(EXERCISE INSTRUCTIONS):
Counting the line with "[diagram v0a: schematic, before]" as the last one, copy out the lines of the data exactly from the first onward.

(INFORMATION):
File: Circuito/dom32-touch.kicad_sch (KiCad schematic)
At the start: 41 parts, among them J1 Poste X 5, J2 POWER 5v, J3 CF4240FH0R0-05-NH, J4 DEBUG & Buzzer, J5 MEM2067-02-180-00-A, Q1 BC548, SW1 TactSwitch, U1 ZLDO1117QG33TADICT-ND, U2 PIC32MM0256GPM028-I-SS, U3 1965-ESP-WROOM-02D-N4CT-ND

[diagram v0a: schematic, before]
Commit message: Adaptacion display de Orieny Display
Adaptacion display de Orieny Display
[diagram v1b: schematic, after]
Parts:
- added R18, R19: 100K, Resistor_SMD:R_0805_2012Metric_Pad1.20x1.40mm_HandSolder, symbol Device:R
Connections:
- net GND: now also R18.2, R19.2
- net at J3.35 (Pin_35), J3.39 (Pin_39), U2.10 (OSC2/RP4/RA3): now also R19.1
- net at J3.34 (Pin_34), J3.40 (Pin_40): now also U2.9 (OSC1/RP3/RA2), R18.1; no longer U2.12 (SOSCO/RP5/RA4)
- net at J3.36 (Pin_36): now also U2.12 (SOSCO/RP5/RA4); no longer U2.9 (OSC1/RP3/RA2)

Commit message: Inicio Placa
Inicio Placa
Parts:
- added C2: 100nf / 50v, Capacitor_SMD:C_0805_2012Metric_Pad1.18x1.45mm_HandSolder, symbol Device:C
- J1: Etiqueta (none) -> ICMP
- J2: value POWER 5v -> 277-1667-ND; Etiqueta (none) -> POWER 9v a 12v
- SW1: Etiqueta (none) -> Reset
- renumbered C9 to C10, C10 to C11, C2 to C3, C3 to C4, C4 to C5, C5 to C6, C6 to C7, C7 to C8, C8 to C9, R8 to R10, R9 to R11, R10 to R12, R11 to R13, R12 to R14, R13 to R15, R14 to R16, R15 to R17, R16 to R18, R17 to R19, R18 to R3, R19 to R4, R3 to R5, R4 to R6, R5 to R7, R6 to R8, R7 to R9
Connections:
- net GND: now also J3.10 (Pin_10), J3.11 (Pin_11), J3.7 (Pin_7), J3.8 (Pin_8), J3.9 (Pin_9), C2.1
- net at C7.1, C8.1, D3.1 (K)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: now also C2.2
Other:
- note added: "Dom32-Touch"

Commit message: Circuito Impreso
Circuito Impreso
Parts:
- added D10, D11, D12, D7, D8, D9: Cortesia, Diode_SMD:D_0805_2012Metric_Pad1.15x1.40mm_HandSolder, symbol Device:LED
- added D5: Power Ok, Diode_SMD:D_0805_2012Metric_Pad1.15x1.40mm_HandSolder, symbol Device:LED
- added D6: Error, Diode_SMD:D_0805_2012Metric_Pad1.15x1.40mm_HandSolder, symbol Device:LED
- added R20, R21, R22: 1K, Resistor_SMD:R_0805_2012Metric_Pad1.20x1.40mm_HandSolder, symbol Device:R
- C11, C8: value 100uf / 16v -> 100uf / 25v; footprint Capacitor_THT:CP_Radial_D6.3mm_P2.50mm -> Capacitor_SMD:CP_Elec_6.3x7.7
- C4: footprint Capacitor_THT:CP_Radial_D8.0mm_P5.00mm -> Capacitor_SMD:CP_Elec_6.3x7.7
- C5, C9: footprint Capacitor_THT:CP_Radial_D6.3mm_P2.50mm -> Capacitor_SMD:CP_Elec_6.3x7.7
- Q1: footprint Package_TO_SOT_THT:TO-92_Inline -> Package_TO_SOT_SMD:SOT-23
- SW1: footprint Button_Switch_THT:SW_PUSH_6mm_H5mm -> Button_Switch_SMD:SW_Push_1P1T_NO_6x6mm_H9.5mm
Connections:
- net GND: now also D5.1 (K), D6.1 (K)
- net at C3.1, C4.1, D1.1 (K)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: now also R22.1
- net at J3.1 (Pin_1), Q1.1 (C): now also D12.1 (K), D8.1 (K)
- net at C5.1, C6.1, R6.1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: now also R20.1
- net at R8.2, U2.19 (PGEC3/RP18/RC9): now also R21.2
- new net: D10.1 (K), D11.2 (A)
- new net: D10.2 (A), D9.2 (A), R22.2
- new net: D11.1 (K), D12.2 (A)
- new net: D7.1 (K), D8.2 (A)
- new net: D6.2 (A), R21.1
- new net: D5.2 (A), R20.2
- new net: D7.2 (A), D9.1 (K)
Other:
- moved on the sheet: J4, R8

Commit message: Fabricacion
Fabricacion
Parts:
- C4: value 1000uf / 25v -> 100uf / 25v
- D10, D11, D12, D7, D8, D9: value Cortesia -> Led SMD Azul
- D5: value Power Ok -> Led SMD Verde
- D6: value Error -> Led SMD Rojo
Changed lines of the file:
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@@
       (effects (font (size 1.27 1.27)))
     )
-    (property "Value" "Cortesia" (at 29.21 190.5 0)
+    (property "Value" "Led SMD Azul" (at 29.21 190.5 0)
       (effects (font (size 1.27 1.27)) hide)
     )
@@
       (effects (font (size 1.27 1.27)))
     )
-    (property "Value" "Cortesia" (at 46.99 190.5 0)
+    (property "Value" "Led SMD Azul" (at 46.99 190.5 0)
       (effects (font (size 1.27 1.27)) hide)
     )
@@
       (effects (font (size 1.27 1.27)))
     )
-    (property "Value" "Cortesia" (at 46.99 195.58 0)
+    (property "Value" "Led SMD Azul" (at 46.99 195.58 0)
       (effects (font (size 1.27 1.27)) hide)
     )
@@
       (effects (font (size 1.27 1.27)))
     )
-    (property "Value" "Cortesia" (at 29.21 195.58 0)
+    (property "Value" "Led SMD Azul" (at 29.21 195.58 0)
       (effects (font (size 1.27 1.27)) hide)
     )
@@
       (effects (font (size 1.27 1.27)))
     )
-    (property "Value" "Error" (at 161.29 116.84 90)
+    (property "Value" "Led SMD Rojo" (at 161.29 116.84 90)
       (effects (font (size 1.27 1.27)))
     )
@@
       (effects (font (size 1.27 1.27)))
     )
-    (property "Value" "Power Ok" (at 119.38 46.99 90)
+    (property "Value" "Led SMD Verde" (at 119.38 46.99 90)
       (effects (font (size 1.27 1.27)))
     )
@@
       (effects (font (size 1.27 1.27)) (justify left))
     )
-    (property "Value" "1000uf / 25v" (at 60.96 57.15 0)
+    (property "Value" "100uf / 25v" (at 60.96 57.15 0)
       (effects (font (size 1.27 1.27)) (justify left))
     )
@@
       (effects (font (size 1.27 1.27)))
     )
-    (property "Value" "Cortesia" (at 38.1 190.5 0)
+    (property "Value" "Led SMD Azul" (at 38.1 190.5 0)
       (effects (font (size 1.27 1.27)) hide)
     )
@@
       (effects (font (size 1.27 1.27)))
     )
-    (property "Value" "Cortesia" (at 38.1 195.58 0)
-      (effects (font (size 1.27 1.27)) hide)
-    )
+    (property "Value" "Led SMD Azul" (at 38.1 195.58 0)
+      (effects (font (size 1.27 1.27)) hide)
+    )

(RESPONSE):
File: Circuito/dom32-touch.kicad_sch (KiCad schematic)
At the start: 41 parts, among them J1 Poste X 5, J2 POWER 5v, J3 CF4240FH0R0-05-NH, J4 DEBUG & Buzzer, J5 MEM2067-02-180-00-A, Q1 BC548, SW1 TactSwitch, U1 ZLDO1117QG33TADICT-ND, U2 PIC32MM0256GPM028-I-SS, U3 1965-ESP-WROOM-02D-N4CT-ND

[diagram v0a: schematic, before]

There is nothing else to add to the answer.